Work request: Lines with the string "BottomPaste" must each be copied from the listing.

Raw data:
****************

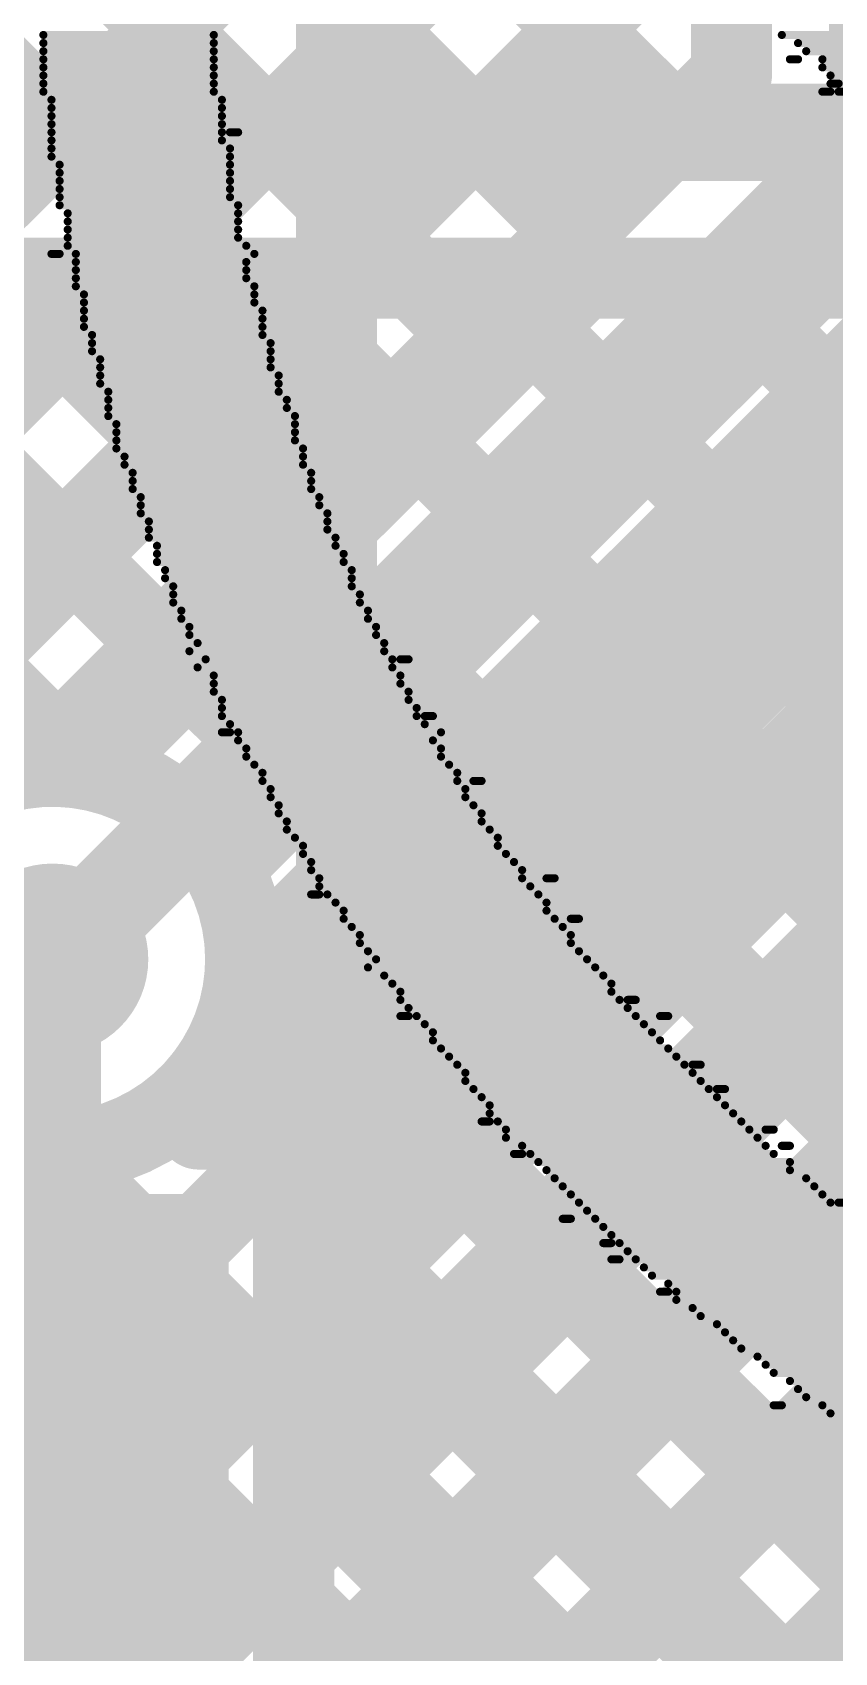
# Model space of a CAD drawing. Header units: millimetres. Extents: x -0.33 to 3.26, y -0.12 to 2.83.
# Drawn here: x 0.5497 to 0.6485, y 0.9025 to 1.1023 of the extents above; entities that cross this region are included whole.
import ezdxf

# ---------------------------------------------------------------- set-up
doc = ezdxf.new("R2010")
doc.units = ezdxf.units.MM
doc.header["$MEASUREMENT"] = 0
for name, color, linetype in [('BottomLayer', 5, 'Continuous'), ('BottomOverlay', 54, 'Continuous'), ('BottomPaste', 16, 'Continuous'), ('BottomSolder', 6, 'Continuous'), ('TopLayer', 1, 'Continuous'), ('TopOverlay', 2, 'Continuous'), ('ViaHoleLayer', 16, 'Continuous')]:
    doc.layers.add(name, color=color, linetype=linetype)

# ---------------------------------------------------------------- blocks, each defined once
blk = doc.blocks.new('PS2801C_1_F3_A_B_4')
at = {"layer": 'BottomLayer'}
blk.add_hatch(color=5, dxfattribs=at).paths.add_polyline_path([(0.23622, 0.06772), (0.31496, 0.06772), (0.31496, 0.03228), (0.23622, 0.03228)])
at = {"layer": 'BottomPaste'}
blk.add_hatch(color=16, dxfattribs=at).paths.add_polyline_path([(0.23622, 0.06772), (0.31496, 0.06772), (0.31496, 0.03228), (0.23622, 0.03228)])
at = {"layer": 'BottomSolder'}
blk.add_hatch(color=6, dxfattribs=at).paths.add_polyline_path([(0.23222, 0.07172), (0.31896, 0.07172), (0.31896, 0.02828), (0.23222, 0.02828)])
at = {"layer": 'BottomOverlay', "const_width": 0.01}
blk.add_lwpolyline([(0.259, 0.085), (0.017, 0.085)], dxfattribs=at)
at = {"layer": 'BottomOverlay', "const_width": 0.005}
blk.add_lwpolyline([(0.2565, 0.085, 1), (0.2615, 0.085, 1)], format="xyb", close=True, dxfattribs=at)

msp = doc.modelspace()

# ---------------------------------------------------------------- hatches: boundary and pattern name
at = {"layer": 'BottomLayer'}
h = msp.add_hatch(color=5, dxfattribs=at)
edge = h.paths.add_edge_path()
edge.add_arc((0.55212, 0.988), 0.01181, 0, 360)
at = {"layer": 'TopLayer'}
h = msp.add_hatch(color=1, dxfattribs=at)
edge = h.paths.add_edge_path()
edge.add_arc((0.55212, 0.988), 0.01181, 0, 360)
at = {"layer": 'ViaHoleLayer'}
h = msp.add_hatch(color=16, dxfattribs=at)
edge = h.paths.add_edge_path()
edge.add_arc((0.55212, 0.988), 0.00591, 0, 360)

# ---------------------------------------------------------------- linework, layer by layer
at = {"layer": 'BottomLayer'}
for points, const_width in [([(0.255, 1.09), (0.96554, 1.09)], 0.012), ([(0.44188, 1.072), (0.96554, 1.072)], 0.01), ([(0.48424, 0.96707), (0.58917, 1.072)], 0.01), ([(0.52038, 1.072), (0.74596, 0.84642)], 0.01), ([(0.53793, 1.04905), (0.56088, 1.072)], 0.01), ([(0.54866, 1.072), (0.7601, 0.86056)], 0.01), ([(0.5568, 1.01135), (0.61745, 1.072)], 0.01), ([(0.57012, 0.9681), (0.67402, 1.072)], 0.01), ([(0.57307, 0.99933), (0.64574, 1.072)], 0.01), ([(0.57662, 0.83318), (0.81544, 1.072)], 0.01), ([(0.57695, 1.072), (0.77425, 0.8747)], 0.01), ([(0.58184, 0.89497), (0.75887, 1.072)], 0.01), ([(0.58184, 0.92325), (0.73059, 1.072)], 0.01), ([(0.58184, 0.95153), (0.7023, 1.072)], 0.01), ([(0.58184, 0.86668), (0.78716, 1.072)], 0.01), ([(0.60523, 1.072), (0.78839, 0.88884)], 0.01), ([(0.63352, 1.072), (0.80253, 0.90299)], 0.01), ([(0.53455, 1.02955), (0.55228, 1.01181)], 0.01), ([(0.55212, 0.9157), (0.55212, 0.988)], 0.012), ([(0.57593, 0.98816), (0.73182, 0.83227)], 0.01), ([(0.57012, 0.96707), (0.57012, 0.97241)], 0.01), ([(0.57012, 0.96707), (0.58184, 0.96707)], 0.01), ([(0.58184, 0.86432), (0.58184, 0.96707)], 0.01), ([(0.58184, 0.95397), (0.71768, 0.81813)], 0.01), ([(0.58184, 0.92569), (0.70353, 0.80399)], 0.01), ([(0.55212, 0.84179), (0.55212, 0.9157)], 0.025)]:
    msp.add_lwpolyline(points, dxfattribs=dict(at, const_width=const_width))
for points, const_width in [([(0.54616, 1.072, 1), (0.55116, 1.072, 1)], 0.005), ([(0.55838, 1.072, 1), (0.56338, 1.072, 1)], 0.005), ([(0.57445, 1.072, 1), (0.57945, 1.072, 1)], 0.005), ([(0.58667, 1.072, 1), (0.59167, 1.072, 1)], 0.005), ([(0.60273, 1.072, 1), (0.60773, 1.072, 1)], 0.005), ([(0.61495, 1.072, 1), (0.61995, 1.072, 1)], 0.005), ([(0.63102, 1.072, 1), (0.63602, 1.072, 1)], 0.005), ([(0.64324, 1.072, 1), (0.64824, 1.072, 1)], 0.005), ([(0.54978, 1.01181, 1), (0.55478, 1.01181, 1)], 0.005), ([(0.5543, 1.01135, 1), (0.5593, 1.01135, 1)], 0.005), ([(0.57057, 0.99933, 1), (0.57557, 0.99933, 1)], 0.005), ([(0.54912, 0.988, 1), (0.55512, 0.988, 1)], 0.006), ([(0.57343, 0.98816, 1), (0.57843, 0.98816, 1)], 0.005), ([(0.57343, 0.988, 1), (0.57843, 0.988, 1)], 0.005), ([(0.57343, 0.988, 1), (0.57843, 0.988, 1)], 0.005), ([(0.56762, 0.97241, 1), (0.57262, 0.97241, 1)], 0.005), ([(0.56762, 0.97241, 1), (0.57262, 0.97241, 1)], 0.005), ([(0.56762, 0.9681, 1), (0.57262, 0.9681, 1)], 0.005), ([(0.56762, 0.96707, 1), (0.57262, 0.96707, 1)], 0.005), ([(0.56762, 0.96707, 1), (0.57262, 0.96707, 1)], 0.005), ([(0.57934, 0.96707, 1), (0.58434, 0.96707, 1)], 0.005), ([(0.57934, 0.96707, 1), (0.58434, 0.96707, 1)], 0.005), ([(0.57934, 0.95397, 1), (0.58434, 0.95397, 1)], 0.005), ([(0.57934, 0.95153, 1), (0.58434, 0.95153, 1)], 0.005), ([(0.57934, 0.92569, 1), (0.58434, 0.92569, 1)], 0.005), ([(0.54587, 0.9157, 1), (0.55837, 0.9157, 1)], 0.0125), ([(0.57934, 0.92325, 1), (0.58434, 0.92325, 1)], 0.005), ([(0.54912, 0.9157, 1), (0.55512, 0.9157, 1)], 0.006)]:
    msp.add_lwpolyline(points, format="xyb", close=True, dxfattribs=dict(at, const_width=const_width))
at = {"layer": 'BottomLayer', "const_width": 0.01}
for points in [[(0.53412, 0.97241, -1.440035), (0.57593, 0.988)], [(0.57593, 0.988, -0.18034), (0.57012, 0.97241)]]:
    msp.add_lwpolyline(points, format="xyb", dxfattribs=at)
at = {"layer": 'TopLayer'}
for points, const_width in [([(0.6538, 1.08967), (0.6538, 1.4903)], 0.012), ([(0.6358, 1.09713), (0.6358, 1.47471)], 0.01), ([(0.57575, 0.98504), (0.923, 1.33229)], 0.01), ([(0.502, 0.88584), (0.923, 1.30684)], 0.01), ([(0.502, 0.86038), (0.923, 1.28138)], 0.01), ([(0.502, 0.83493), (0.923, 1.25593)], 0.01), ([(0.502, 0.80947), (0.923, 1.23047)], 0.01), ([(0.502, 0.78401), (0.923, 1.20501)], 0.01), ([(0.5329, 1.09493), (0.6358, 1.19782)], 0.01), ([(0.5329, 1.18675), (0.62916, 1.09049)], 0.01), ([(0.502, 0.75856), (0.92752, 1.18407)], 0.01), ([(0.5329, 1.06947), (0.6358, 1.17237)], 0.01), ([(0.5329, 1.16129), (0.61643, 1.07777)], 0.01), ([(0.53793, 1.04905), (0.6358, 1.14691)], 0.01), ([(0.5329, 1.13584), (0.6037, 1.06504)], 0.01), ([(0.502, 0.98766), (0.6358, 1.12146)], 0.01), ([(0.5329, 1.11038), (0.59098, 1.05231)], 0.01), ([(0.55042, 1.01175), (0.6358, 1.09713)], 0.01), ([(0.55212, 0.988), (0.6538, 1.08967)], 0.012), ([(0.5329, 1.08493), (0.57825, 1.03958)], 0.01), ([(0.57587, 0.98629), (0.6665, 1.07692)], 0.01), ([(0.5329, 1.05947), (0.56552, 1.02685)], 0.01), ([(0.64189, 1.05231), (1.0657, 0.6285)], 0.01), ([(0.62916, 1.03958), (1.04024, 0.6285)], 0.01), ([(0.53563, 1.03129), (0.55279, 1.01413)], 0.01), ([(0.61643, 1.02685), (1.01479, 0.6285)], 0.01), ([(0.6037, 1.01413), (0.98933, 0.6285)], 0.01), ([(0.59098, 1.0014), (0.96387, 0.6285)], 0.01), ([(0.502, 0.98855), (0.86205, 0.6285)], 0.01), ([(0.57825, 0.98867), (0.93842, 0.6285)], 0.01), ([(0.56962, 0.97185), (0.91296, 0.6285)], 0.01), ([(0.502, 0.91129), (0.55508, 0.96437)], 0.01), ([(0.55182, 0.96419), (0.88751, 0.6285)], 0.01), ([(0.502, 0.96309), (0.84229, 0.6228)], 0.01)]:
    msp.add_lwpolyline(points, dxfattribs=dict(at, const_width=const_width))
for points, const_width in [([(0.6333, 1.09713, 1), (0.6383, 1.09713, 1)], 0.005), ([(0.6333, 1.09713, 1), (0.6383, 1.09713, 1)], 0.005), ([(0.62666, 1.09049, 1), (0.63166, 1.09049, 1)], 0.005), ([(0.6508, 1.08967, 1), (0.6568, 1.08967, 1)], 0.006), ([(0.6508, 1.08967, 1), (0.6568, 1.08967, 1)], 0.006), ([(0.61393, 1.07777, 1), (0.61893, 1.07777, 1)], 0.005), ([(0.6012, 1.06504, 1), (0.6062, 1.06504, 1)], 0.005), ([(0.58848, 1.05231, 1), (0.59348, 1.05231, 1)], 0.005), ([(0.63939, 1.05231, 1), (0.64439, 1.05231, 1)], 0.005), ([(0.57575, 1.03958, 1), (0.58075, 1.03958, 1)], 0.005), ([(0.62666, 1.03958, 1), (0.63166, 1.03958, 1)], 0.005), ([(0.56302, 1.02685, 1), (0.56802, 1.02685, 1)], 0.005), ([(0.61393, 1.02685, 1), (0.61893, 1.02685, 1)], 0.005), ([(0.55029, 1.01413, 1), (0.55529, 1.01413, 1)], 0.005), ([(0.6012, 1.01413, 1), (0.6062, 1.01413, 1)], 0.005), ([(0.54792, 1.01175, 1), (0.55292, 1.01175, 1)], 0.005), ([(0.54792, 1.01175, 1), (0.55292, 1.01175, 1)], 0.005), ([(0.58848, 1.0014, 1), (0.59348, 1.0014, 1)], 0.005), ([(0.54912, 0.988, 1), (0.55512, 0.988, 1)], 0.006), ([(0.57575, 0.98867, 1), (0.58075, 0.98867, 1)], 0.005), ([(0.57337, 0.98629, 1), (0.57837, 0.98629, 1)], 0.005), ([(0.57337, 0.98629, 1), (0.57837, 0.98629, 1)], 0.005), ([(0.57325, 0.98504, 1), (0.57825, 0.98504, 1)], 0.005), ([(0.56712, 0.97185, 1), (0.57212, 0.97185, 1)], 0.005), ([(0.54932, 0.96419, 1), (0.55432, 0.96419, 1)], 0.005), ([(0.55258, 0.96437, 1), (0.55758, 0.96437, 1)], 0.005)]:
    msp.add_lwpolyline(points, format="xyb", close=True, dxfattribs=dict(at, const_width=const_width))
at = {"layer": 'TopLayer', "const_width": 0.01}
msp.add_lwpolyline([(0.57587, 0.98629, -2.1888), (0.55042, 1.01175)], format="xyb", dxfattribs=at)
at = {"layer": 'TopOverlay', "const_width": 0.001}
for points in [[(0.551, 1.102), (0.572, 1.102)], [(0.551, 1.101), (0.572, 1.101)], [(0.642, 1.102), (0.801, 1.102)], [(0.644, 1.101), (0.801, 1.101)], [(0.551, 1.1), (0.572, 1.1)], [(0.551, 1.099), (0.572, 1.099)], [(0.643, 1.099), (0.644, 1.099)], [(0.645, 1.1), (0.8, 1.1)], [(0.647, 1.099), (0.799, 1.099)], [(0.551, 1.098), (0.572, 1.098)], [(0.551, 1.097), (0.572, 1.097)], [(0.647, 1.098), (0.798, 1.098)], [(0.648, 1.097), (0.798, 1.097)], [(0.551, 1.096), (0.572, 1.096)], [(0.551, 1.095), (0.572, 1.095)], [(0.647, 1.095), (0.648, 1.095)], [(0.648, 1.096), (0.649, 1.096)], [(0.649, 1.095), (0.65, 1.095)], [(0.552, 1.094), (0.573, 1.094)], [(0.552, 1.093), (0.573, 1.093)], [(0.552, 1.092), (0.573, 1.092)], [(0.552, 1.091), (0.573, 1.091)], [(0.552, 1.09), (0.573, 1.09)], [(0.552, 1.089), (0.573, 1.089)], [(0.574, 1.09), (0.575, 1.09)], [(0.552, 1.088), (0.574, 1.088)], [(0.552, 1.087), (0.574, 1.087)], [(0.553, 1.086), (0.574, 1.086)], [(0.553, 1.085), (0.574, 1.085)], [(0.553, 1.084), (0.574, 1.084)], [(0.553, 1.083), (0.574, 1.083)], [(0.553, 1.082), (0.574, 1.082)], [(0.553, 1.081), (0.575, 1.081)], [(0.554, 1.08), (0.575, 1.08)], [(0.554, 1.079), (0.575, 1.079)], [(0.554, 1.078), (0.575, 1.078)], [(0.554, 1.077), (0.575, 1.077)], [(0.552, 1.075), (0.553, 1.075)], [(0.554, 1.076), (0.576, 1.076)], [(0.555, 1.075), (0.577, 1.075)], [(0.555, 1.074), (0.576, 1.074)], [(0.555, 1.073), (0.576, 1.073)], [(0.555, 1.072), (0.576, 1.072)], [(0.555, 1.071), (0.577, 1.071)], [(0.556, 1.07), (0.577, 1.07)], [(0.556, 1.069), (0.577, 1.069)], [(0.556, 1.068), (0.578, 1.068)], [(0.556, 1.067), (0.578, 1.067)], [(0.556, 1.066), (0.578, 1.066)], [(0.557, 1.065), (0.578, 1.065)], [(0.557, 1.064), (0.579, 1.064)], [(0.557, 1.063), (0.579, 1.063)], [(0.558, 1.062), (0.579, 1.062)], [(0.558, 1.061), (0.579, 1.061)], [(0.558, 1.06), (0.58, 1.06)], [(0.558, 1.059), (0.58, 1.059)], [(0.559, 1.058), (0.58, 1.058)], [(0.559, 1.057), (0.581, 1.057)], [(0.559, 1.056), (0.581, 1.056)], [(0.559, 1.055), (0.582, 1.055)], [(0.56, 1.054), (0.582, 1.054)], [(0.56, 1.053), (0.582, 1.053)], [(0.56, 1.052), (0.582, 1.052)], [(0.56, 1.051), (0.583, 1.051)], [(0.561, 1.05), (0.583, 1.05)], [(0.561, 1.049), (0.583, 1.049)], [(0.562, 1.048), (0.584, 1.048)], [(0.562, 1.047), (0.584, 1.047)], [(0.562, 1.046), (0.584, 1.046)], [(0.563, 1.045), (0.585, 1.045)], [(0.563, 1.044), (0.585, 1.044)], [(0.563, 1.043), (0.586, 1.043)], [(0.564, 1.042), (0.586, 1.042)], [(0.564, 1.041), (0.586, 1.041)], [(0.564, 1.04), (0.587, 1.04)], [(0.565, 1.039), (0.587, 1.039)], [(0.565, 1.038), (0.588, 1.038)], [(0.565, 1.037), (0.588, 1.037)], [(0.566, 1.036), (0.589, 1.036)], [(0.566, 1.035), (0.589, 1.035)], [(0.567, 1.034), (0.589, 1.034)], [(0.567, 1.033), (0.59, 1.033)], [(0.567, 1.032), (0.59, 1.032)], [(0.568, 1.031), (0.591, 1.031)], [(0.568, 1.03), (0.591, 1.03)], [(0.569, 1.029), (0.592, 1.029)], [(0.569, 1.028), (0.592, 1.028)], [(0.57, 1.027), (0.593, 1.027)], [(0.569, 1.026), (0.593, 1.026)], [(0.571, 1.025), (0.594, 1.025)], [(0.595, 1.025), (0.596, 1.025)], [(0.57, 1.024), (0.594, 1.024)], [(0.572, 1.023), (0.595, 1.023)], [(0.572, 1.022), (0.595, 1.022)], [(0.572, 1.021), (0.596, 1.021)], [(0.573, 1.02), (0.596, 1.02)], [(0.573, 1.019), (0.597, 1.019)], [(0.573, 1.018), (0.597, 1.018)], [(0.574, 1.017), (0.598, 1.017)], [(0.598, 1.018), (0.599, 1.018)], [(0.573, 1.016), (0.574, 1.016)], [(0.575, 1.016), (0.6, 1.016)], [(0.575, 1.015), (0.599, 1.015)], [(0.576, 1.014), (0.6, 1.014)], [(0.576, 1.013), (0.6, 1.013)], [(0.577, 1.012), (0.601, 1.012)], [(0.578, 1.011), (0.602, 1.011)], [(0.578, 1.01), (0.602, 1.01)], [(0.579, 1.009), (0.603, 1.009)], [(0.604, 1.01), (0.605, 1.01)], [(0.579, 1.008), (0.603, 1.008)], [(0.58, 1.007), (0.604, 1.007)], [(0.58, 1.006), (0.605, 1.006)], [(0.581, 1.005), (0.605, 1.005)], [(0.581, 1.004), (0.606, 1.004)], [(0.582, 1.003), (0.607, 1.003)], [(0.583, 1.002), (0.607, 1.002)], [(0.583, 1.001), (0.608, 1.001)], [(0.584, 1), (0.609, 1)], [(0.584, 0.999), (0.61, 0.999)], [(0.585, 0.998), (0.61, 0.998)], [(0.585, 0.997), (0.611, 0.997)], [(0.613, 0.998), (0.614, 0.998)], [(0.584, 0.996), (0.585, 0.996)], [(0.586, 0.996), (0.612, 0.996)], [(0.587, 0.995), (0.613, 0.995)], [(0.588, 0.994), (0.613, 0.994)], [(0.588, 0.993), (0.614, 0.993)], [(0.616, 0.993), (0.617, 0.993)], [(0.589, 0.992), (0.615, 0.992)], [(0.59, 0.991), (0.616, 0.991)], [(0.59, 0.99), (0.616, 0.99)], [(0.591, 0.989), (0.617, 0.989)], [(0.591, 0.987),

****************

Written response:
for name, color, linetype in [('BottomLayer', 5, 'Continuous'), ('BottomOverlay', 54, 'Continuous'), ('BottomPaste', 16, 'Continuous'), ('BottomSolder', 6, 'Continuous'), ('TopLayer', 1, 'Continuous'), ('TopOverlay', 2, 'Continuous'), ('ViaHoleLayer', 16, 'Continuous')]:
at = {"layer": 'BottomPaste'}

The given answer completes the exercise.